▶ **About this task**:
Line count for the string "ButtonText": give the number of lines in the data below that contain it, and nothing more.

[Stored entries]

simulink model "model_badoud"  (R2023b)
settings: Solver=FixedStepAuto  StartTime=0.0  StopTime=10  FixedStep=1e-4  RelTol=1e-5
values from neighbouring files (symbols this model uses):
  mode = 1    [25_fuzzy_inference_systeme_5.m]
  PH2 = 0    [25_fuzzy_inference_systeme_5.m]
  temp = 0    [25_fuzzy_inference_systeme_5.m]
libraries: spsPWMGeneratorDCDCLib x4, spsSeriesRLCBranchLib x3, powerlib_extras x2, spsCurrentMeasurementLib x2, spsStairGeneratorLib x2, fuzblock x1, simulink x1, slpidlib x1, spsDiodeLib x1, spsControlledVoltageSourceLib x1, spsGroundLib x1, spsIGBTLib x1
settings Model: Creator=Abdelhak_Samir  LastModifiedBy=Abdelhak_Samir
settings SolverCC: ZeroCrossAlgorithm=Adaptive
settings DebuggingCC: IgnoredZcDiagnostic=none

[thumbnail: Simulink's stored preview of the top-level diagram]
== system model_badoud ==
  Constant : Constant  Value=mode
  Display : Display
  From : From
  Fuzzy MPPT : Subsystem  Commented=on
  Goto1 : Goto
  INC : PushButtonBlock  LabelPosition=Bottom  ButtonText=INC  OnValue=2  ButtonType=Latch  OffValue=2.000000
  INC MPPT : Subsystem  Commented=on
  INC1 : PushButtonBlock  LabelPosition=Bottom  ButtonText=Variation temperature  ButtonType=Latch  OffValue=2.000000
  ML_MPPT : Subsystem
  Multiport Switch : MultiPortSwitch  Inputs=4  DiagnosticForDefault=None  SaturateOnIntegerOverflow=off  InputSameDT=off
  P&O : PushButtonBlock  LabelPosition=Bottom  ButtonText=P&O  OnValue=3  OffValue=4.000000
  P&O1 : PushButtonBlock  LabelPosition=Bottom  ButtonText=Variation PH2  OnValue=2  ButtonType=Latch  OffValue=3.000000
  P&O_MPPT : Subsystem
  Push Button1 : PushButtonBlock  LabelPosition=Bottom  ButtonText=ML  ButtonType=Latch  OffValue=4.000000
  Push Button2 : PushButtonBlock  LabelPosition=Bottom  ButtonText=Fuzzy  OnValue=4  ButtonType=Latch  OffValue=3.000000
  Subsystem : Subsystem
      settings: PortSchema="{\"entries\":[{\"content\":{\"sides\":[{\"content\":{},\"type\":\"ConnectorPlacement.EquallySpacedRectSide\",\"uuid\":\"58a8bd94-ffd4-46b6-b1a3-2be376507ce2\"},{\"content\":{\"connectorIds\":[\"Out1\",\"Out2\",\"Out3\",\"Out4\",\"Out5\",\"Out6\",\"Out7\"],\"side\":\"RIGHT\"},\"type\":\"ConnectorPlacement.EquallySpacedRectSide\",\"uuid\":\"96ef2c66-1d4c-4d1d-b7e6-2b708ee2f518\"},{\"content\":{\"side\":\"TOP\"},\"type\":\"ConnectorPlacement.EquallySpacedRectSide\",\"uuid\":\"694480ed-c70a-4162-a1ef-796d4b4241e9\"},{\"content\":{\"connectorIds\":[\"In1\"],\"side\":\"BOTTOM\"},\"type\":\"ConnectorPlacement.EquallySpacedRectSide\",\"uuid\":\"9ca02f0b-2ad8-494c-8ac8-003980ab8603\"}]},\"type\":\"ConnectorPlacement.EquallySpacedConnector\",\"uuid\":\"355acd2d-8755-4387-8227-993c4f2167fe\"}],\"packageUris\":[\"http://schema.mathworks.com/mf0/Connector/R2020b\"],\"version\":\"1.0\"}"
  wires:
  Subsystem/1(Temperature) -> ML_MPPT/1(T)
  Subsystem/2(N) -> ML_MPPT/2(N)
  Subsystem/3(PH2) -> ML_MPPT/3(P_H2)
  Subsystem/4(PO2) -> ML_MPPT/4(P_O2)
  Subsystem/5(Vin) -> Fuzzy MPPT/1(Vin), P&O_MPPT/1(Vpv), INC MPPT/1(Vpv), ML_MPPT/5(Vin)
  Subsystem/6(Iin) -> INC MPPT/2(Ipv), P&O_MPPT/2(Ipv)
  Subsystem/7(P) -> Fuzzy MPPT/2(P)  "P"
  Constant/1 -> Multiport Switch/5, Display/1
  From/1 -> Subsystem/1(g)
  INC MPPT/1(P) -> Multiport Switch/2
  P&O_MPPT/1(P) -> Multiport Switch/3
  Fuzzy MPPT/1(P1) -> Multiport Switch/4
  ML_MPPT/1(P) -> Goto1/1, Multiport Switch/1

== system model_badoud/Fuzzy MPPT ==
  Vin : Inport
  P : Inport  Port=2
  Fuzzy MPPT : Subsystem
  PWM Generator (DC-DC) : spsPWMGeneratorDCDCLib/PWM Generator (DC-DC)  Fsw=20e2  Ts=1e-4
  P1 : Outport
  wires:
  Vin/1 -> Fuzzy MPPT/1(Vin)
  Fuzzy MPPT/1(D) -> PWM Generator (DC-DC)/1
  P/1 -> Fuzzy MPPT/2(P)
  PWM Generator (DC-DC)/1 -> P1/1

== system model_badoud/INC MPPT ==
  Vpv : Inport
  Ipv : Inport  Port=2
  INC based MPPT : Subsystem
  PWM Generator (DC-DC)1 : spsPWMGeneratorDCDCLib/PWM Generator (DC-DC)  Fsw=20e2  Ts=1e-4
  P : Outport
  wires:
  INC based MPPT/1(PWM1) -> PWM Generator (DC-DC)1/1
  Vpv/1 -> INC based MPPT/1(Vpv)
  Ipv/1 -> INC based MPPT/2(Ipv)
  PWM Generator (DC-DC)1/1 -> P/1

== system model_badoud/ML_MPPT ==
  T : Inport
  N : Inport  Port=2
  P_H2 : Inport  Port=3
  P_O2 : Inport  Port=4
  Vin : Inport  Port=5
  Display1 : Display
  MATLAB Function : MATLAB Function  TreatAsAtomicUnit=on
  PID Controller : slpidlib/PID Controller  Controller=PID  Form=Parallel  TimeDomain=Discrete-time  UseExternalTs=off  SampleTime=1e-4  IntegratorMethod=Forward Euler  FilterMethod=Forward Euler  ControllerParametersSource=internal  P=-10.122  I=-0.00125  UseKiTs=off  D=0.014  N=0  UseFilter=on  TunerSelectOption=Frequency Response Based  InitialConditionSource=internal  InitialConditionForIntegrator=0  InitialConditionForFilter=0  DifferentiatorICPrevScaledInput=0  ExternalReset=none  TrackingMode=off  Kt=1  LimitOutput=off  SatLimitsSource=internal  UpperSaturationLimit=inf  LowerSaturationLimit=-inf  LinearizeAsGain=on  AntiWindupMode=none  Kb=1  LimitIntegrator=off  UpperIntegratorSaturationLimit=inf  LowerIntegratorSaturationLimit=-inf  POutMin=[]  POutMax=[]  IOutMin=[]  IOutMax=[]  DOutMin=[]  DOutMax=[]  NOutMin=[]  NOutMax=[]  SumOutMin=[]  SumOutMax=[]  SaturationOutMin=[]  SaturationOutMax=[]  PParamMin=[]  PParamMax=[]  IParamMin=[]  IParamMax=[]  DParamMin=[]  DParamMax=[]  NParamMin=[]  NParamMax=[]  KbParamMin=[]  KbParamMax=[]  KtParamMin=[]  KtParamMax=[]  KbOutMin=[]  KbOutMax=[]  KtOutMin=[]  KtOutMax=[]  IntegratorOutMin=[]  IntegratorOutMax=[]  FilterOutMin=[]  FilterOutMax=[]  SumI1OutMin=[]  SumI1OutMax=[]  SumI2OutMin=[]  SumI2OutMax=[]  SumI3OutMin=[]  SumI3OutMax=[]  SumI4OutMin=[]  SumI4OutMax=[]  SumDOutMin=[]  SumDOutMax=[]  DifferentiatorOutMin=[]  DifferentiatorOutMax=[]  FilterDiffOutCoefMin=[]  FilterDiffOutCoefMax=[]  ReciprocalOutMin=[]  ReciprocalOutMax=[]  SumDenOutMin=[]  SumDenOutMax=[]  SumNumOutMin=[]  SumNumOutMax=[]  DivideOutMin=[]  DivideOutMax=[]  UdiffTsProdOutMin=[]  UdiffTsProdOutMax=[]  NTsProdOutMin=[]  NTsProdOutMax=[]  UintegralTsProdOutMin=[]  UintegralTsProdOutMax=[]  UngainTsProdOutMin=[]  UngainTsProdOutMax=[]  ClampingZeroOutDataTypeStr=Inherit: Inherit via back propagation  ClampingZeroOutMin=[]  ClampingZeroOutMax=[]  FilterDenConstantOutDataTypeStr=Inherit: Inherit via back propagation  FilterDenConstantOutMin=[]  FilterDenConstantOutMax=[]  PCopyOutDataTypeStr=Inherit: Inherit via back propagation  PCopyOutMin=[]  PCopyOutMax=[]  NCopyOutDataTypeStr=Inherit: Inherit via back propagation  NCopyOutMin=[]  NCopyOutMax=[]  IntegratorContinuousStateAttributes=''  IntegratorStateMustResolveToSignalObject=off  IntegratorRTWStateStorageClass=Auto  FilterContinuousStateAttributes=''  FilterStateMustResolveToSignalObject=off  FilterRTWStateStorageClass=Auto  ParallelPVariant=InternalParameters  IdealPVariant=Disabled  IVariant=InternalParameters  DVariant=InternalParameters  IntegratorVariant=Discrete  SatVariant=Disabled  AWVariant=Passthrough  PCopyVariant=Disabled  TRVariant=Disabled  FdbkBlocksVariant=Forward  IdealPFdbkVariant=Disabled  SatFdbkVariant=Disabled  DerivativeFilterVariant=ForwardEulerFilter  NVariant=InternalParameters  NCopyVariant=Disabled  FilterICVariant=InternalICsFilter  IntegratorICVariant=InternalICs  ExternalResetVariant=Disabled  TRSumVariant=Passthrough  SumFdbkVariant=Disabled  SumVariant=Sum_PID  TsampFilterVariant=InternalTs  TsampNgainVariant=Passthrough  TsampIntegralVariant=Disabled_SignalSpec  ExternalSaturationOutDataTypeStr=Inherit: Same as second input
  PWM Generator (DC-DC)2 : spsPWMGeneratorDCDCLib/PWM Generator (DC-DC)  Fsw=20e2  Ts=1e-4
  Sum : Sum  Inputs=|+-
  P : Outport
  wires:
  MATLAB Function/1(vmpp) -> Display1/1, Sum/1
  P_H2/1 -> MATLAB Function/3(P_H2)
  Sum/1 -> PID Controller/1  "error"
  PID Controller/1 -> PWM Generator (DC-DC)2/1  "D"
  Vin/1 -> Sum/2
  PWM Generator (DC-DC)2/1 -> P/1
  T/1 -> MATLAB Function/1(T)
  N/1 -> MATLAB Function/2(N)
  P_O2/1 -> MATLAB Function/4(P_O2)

▶ **Written response**:
6